START Data records

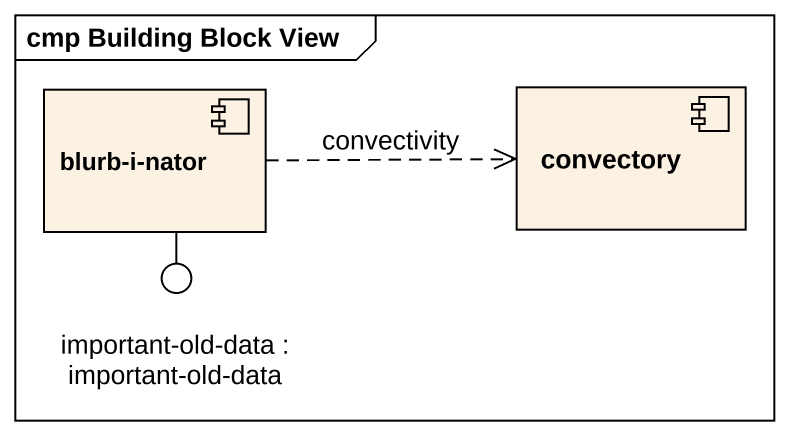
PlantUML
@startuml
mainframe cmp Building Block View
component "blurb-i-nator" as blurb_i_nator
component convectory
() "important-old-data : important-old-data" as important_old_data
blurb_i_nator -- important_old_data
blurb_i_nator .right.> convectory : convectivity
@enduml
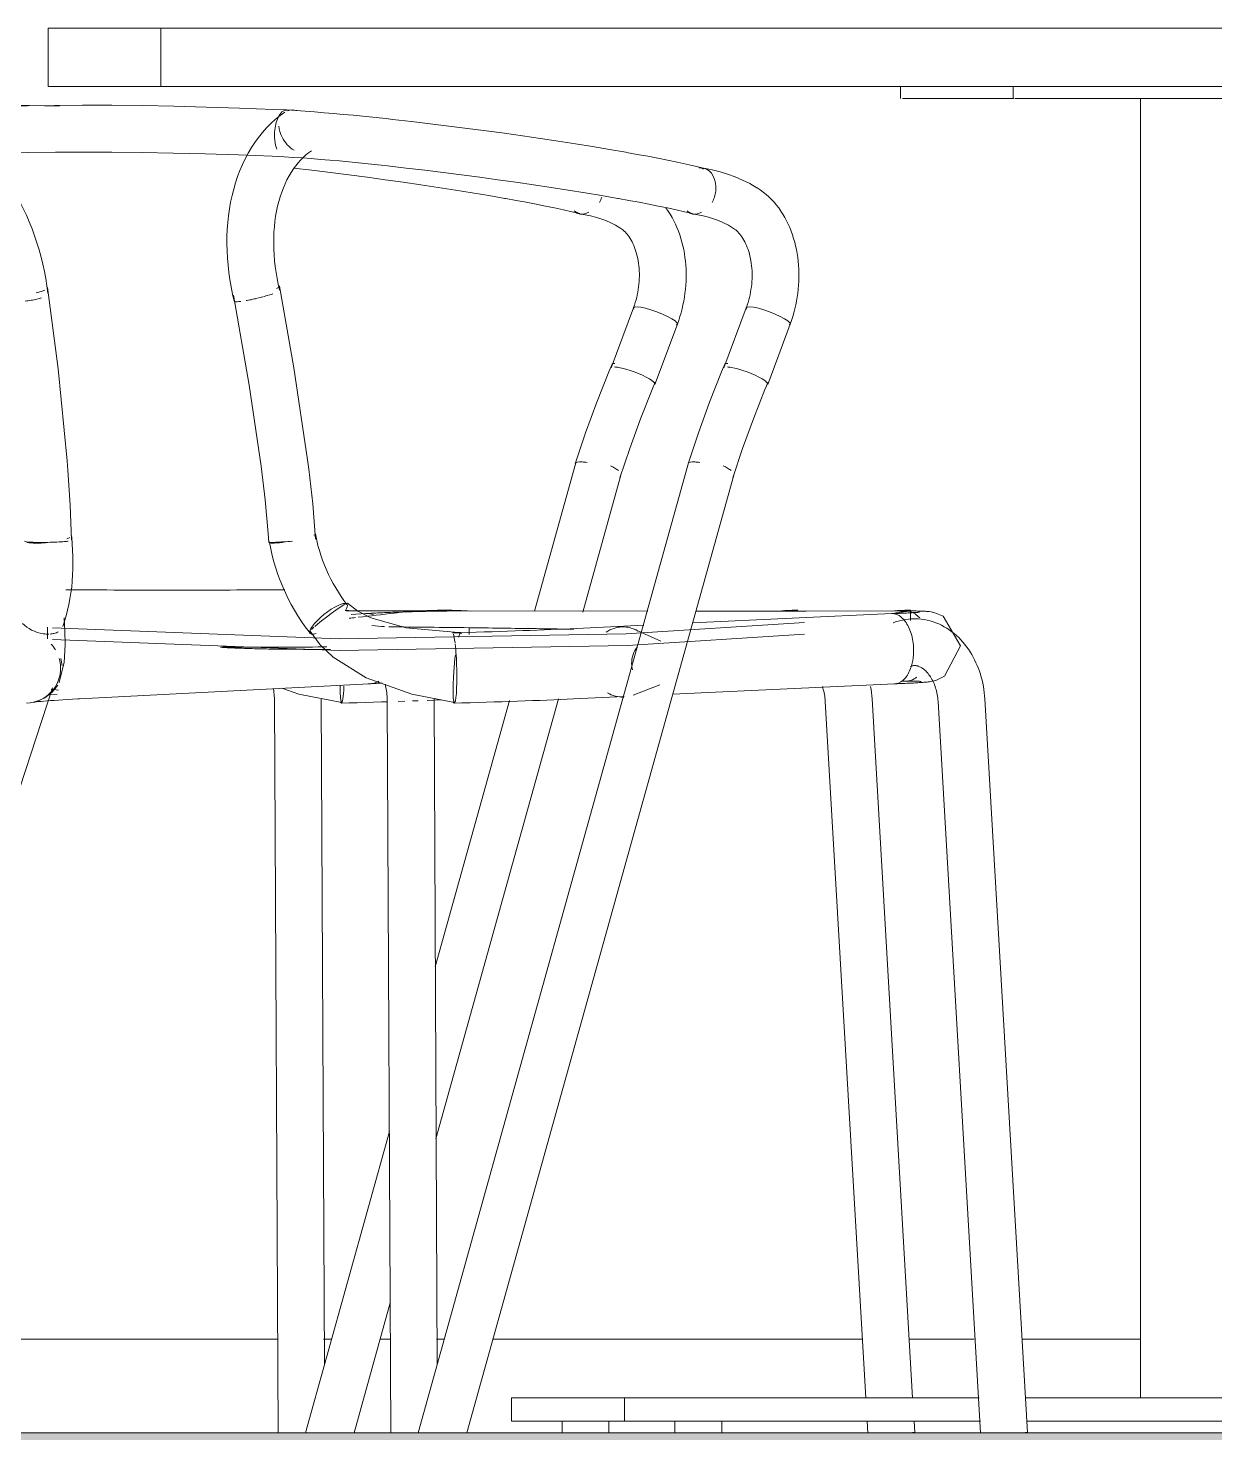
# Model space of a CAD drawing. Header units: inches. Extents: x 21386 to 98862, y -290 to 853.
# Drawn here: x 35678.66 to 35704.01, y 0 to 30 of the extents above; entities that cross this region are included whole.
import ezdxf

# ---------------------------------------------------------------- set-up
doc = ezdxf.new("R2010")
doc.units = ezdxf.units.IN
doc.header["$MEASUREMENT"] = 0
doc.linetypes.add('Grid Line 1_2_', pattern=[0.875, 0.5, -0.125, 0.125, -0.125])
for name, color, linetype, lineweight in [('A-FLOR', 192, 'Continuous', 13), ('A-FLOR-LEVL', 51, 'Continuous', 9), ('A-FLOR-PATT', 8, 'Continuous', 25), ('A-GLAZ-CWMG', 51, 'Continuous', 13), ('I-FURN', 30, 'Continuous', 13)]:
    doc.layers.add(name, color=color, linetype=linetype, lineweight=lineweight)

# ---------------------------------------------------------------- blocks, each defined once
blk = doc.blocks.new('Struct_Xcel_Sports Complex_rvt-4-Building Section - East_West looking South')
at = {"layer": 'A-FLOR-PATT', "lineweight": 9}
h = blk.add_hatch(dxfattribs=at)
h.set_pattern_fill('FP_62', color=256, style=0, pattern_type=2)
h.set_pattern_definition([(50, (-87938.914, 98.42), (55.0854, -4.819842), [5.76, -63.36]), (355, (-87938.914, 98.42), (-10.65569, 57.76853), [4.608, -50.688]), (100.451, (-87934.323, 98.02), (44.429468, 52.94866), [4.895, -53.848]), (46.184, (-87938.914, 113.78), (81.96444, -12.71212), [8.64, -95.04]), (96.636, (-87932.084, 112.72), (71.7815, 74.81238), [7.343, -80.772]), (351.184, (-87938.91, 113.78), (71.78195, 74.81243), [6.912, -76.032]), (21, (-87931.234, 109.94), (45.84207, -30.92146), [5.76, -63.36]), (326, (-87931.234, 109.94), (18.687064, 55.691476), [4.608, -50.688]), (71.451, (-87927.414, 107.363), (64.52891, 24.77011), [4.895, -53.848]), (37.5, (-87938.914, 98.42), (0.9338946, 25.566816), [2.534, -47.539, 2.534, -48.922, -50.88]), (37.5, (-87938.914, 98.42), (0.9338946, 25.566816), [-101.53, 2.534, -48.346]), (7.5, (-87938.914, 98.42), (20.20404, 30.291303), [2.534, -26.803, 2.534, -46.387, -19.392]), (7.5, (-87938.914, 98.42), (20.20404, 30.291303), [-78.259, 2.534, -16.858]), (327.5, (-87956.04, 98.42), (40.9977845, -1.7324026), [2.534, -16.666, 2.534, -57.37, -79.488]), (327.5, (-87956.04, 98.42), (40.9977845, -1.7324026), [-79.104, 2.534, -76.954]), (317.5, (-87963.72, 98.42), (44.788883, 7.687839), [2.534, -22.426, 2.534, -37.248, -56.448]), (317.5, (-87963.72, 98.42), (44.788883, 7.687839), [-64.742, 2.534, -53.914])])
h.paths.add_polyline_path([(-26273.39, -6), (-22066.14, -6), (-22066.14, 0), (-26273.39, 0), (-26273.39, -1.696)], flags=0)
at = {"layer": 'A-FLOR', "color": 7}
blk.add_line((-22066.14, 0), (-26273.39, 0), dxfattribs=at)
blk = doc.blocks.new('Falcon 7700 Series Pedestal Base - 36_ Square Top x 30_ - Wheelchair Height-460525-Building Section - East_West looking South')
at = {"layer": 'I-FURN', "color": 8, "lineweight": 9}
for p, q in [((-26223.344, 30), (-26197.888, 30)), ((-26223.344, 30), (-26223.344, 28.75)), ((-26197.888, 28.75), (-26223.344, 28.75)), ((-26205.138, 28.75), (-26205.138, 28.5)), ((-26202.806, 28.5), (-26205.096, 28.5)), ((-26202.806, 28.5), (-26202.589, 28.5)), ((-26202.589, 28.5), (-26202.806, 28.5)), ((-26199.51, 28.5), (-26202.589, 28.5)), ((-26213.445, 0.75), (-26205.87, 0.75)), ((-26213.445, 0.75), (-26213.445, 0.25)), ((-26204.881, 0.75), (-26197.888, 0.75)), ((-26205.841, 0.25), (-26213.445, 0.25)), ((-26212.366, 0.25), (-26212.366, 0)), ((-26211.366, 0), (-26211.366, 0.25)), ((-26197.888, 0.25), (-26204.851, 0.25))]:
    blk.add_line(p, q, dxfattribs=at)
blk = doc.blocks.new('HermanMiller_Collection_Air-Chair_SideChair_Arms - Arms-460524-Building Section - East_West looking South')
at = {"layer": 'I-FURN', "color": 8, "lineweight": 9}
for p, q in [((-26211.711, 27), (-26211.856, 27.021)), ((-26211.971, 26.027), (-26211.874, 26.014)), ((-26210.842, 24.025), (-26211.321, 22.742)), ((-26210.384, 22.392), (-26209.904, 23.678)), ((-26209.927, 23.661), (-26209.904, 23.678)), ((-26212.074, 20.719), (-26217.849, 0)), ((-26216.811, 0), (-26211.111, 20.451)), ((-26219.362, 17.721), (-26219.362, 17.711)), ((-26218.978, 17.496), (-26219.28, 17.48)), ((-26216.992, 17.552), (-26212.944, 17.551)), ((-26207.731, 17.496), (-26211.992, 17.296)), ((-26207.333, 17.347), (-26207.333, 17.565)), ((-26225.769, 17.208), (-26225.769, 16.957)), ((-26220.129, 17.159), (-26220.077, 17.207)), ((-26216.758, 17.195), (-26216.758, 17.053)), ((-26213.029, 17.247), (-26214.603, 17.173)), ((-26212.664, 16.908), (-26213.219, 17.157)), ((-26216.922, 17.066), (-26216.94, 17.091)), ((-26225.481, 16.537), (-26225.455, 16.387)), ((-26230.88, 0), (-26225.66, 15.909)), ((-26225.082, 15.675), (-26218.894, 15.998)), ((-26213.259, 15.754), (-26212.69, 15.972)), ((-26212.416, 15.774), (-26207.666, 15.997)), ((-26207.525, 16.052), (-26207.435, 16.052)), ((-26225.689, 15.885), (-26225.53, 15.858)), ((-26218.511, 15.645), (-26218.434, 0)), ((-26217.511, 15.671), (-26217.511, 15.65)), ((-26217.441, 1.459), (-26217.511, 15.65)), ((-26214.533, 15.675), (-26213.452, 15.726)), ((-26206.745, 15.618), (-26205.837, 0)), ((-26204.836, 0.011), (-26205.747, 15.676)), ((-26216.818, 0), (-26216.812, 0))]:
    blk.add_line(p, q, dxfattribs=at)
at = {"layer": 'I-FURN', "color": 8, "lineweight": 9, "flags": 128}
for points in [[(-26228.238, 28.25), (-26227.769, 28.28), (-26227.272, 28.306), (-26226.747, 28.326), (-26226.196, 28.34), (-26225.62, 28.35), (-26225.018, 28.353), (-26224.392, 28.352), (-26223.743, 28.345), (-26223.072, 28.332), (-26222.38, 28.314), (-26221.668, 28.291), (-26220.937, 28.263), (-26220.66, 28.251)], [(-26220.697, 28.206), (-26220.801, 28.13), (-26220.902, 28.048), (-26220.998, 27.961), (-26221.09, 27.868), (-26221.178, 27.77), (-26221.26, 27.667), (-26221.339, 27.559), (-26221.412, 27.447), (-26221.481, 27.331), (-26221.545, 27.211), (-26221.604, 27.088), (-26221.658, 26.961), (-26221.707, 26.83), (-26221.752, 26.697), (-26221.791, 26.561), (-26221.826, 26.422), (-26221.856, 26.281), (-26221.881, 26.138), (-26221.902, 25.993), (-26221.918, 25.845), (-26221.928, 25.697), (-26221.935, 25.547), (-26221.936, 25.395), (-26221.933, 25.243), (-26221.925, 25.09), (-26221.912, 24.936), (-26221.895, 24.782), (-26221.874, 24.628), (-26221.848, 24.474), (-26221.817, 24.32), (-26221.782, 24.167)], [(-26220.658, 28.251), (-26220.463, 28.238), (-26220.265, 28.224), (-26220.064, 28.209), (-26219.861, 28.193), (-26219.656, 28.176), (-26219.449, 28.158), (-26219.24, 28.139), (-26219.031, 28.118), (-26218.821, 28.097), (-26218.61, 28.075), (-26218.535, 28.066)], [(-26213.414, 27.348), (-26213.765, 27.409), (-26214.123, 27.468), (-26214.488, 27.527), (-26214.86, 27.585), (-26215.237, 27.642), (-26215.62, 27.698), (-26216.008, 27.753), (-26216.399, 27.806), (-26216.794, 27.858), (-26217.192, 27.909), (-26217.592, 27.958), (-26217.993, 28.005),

END Data records

Exercise description. In the listing above, find the line with "# Model space" and the line with "-0.125, 0.125, -0.125])"; set down exactly those two lines and every line between them, nothing more.

Solution to this exercise.
# Model space of a CAD drawing. Header units: inches. Extents: x 21386 to 98862, y -290 to 853.
# Drawn here: x 35678.66 to 35704.01, y 0 to 30 of the extents above; entities that cross this region are included whole.
import ezdxf

# ---------------------------------------------------------------- set-up
doc = ezdxf.new("R2010")
doc.units = ezdxf.units.IN
doc.header["$MEASUREMENT"] = 0
doc.linetypes.add('Grid Line 1_2_', pattern=[0.875, 0.5, -0.125, 0.125, -0.125])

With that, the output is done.